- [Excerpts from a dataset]
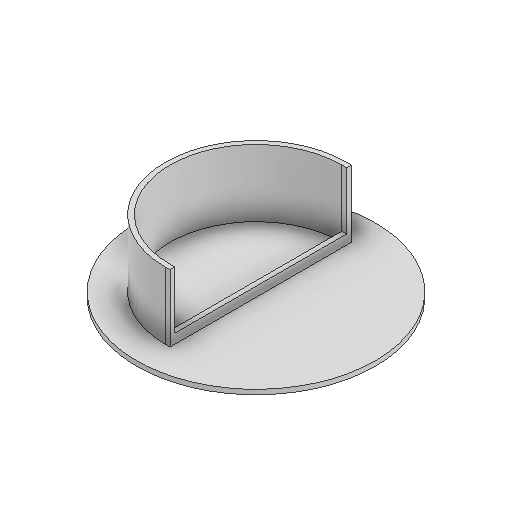
# Autodesk Inventor part: Shield_WeldSupport
Saved by Autodesk Inventor 2026.2 (Build 302298000, 298)
## iProperties
Created: 2026-06-09
Part Number: Shield_WeldSupport
Material: Generic
Document SubType Name: Modeling
Designer: zetsu
Density: 1 g/cm^3
Appearance: Default
Author: zetsu
Autodesk Inventor part; units mm, degrees
ref_plane "YZ Plane" through (0, 0, 0) normal (1, 0, 0) x (0, 1, 0)
ref_plane "XZ Plane" through (0, 0, 0) normal (0, 1, 0) x (-1, 0, 0)
ref_plane "XY Plane" through (0, 0, 0) normal (0, 0, 1) x (1, 0, 0)
sketch "スケッチ1" plane through (0, 0, 0) normal (0, 1, 0) x (-1, 0, 0)
  arc A0 (0, -19) -> (0, 19) centre (0, 0) ccw
  line L0 (0, 19) -> (-1, 19)
  line L1 (-1, 19) -> (-1, -19)
  line L2 (-1, -19) -> (0, -19)
  dimension "d0" = 19
  dimension "d1" = 1
  dimension "d2" = 38
  constraints: 6 end point, 3 point on circle, 2 perpendicular, 1 centre point, 1 coincident, 1 horizontal
  measures "d0" radius of A0
  measures "d1" distance of L0.start L0.end
  measures "d2" distance of L0.end L1.end
extrude "押し出し1" add sketch "スケッチ1" along normal blind 15
sketch "スケッチ2" plane through (0, 15, 0) normal (0, 1, 0) x (1, 0, 0)
  arc A0 (0, 18) -> (0, -18) centre (0, 0) ccw
  line L0 (0, -18) -> (0, 18)
  dimension "d5" = 18
  constraints: 2 end point, 2 point on circle, 1 centre point, 1 coincident, 1 vertical
  measures "d5" radius of A0
extrude "押し出し2" cut sketch "スケッチ2" against normal blind 14
sketch "スケッチ3" plane through (0, 15, 0) normal (0, 1, 0) x (1, 0, 0)
  line L0 (0, 18) -> (0, -18) projected
  line L1 (0, -18) -> (2.1384, -18)
  line L2 (2.1384, -18) -> (2.1384, 18)
  line L3 (2.1384, 18) -> (0, 18)
  line L4 (0, 18) -> (0, -18)
  point P0 (0, 0)
  dimension "d13" = 36
  constraints: 8 end point, 2 parallel, 1 horizontal, 1 perpendicular
  measures "d13" distance of L1.end L2.end
extrude "押し出し3" cut sketch "スケッチ3" against normal blind 12
sketch "スケッチ4" plane through (0, 0, 0) normal (0, -1, 0) x (1, 0, 0)
  circle A0 centre (0, 0) radius 25
  dimension "d10" = 50
  constraints: 1 centre point, 1 coincident
  measures "d10" diameter of A0
extrude "押し出し4" add sketch "スケッチ4" against normal blind 1

- [TASK DIRECTIONS]
Tally the lines in this data that hold the word "perpendicular" and state only the count.

- [EXERCISE RESPONSE]
2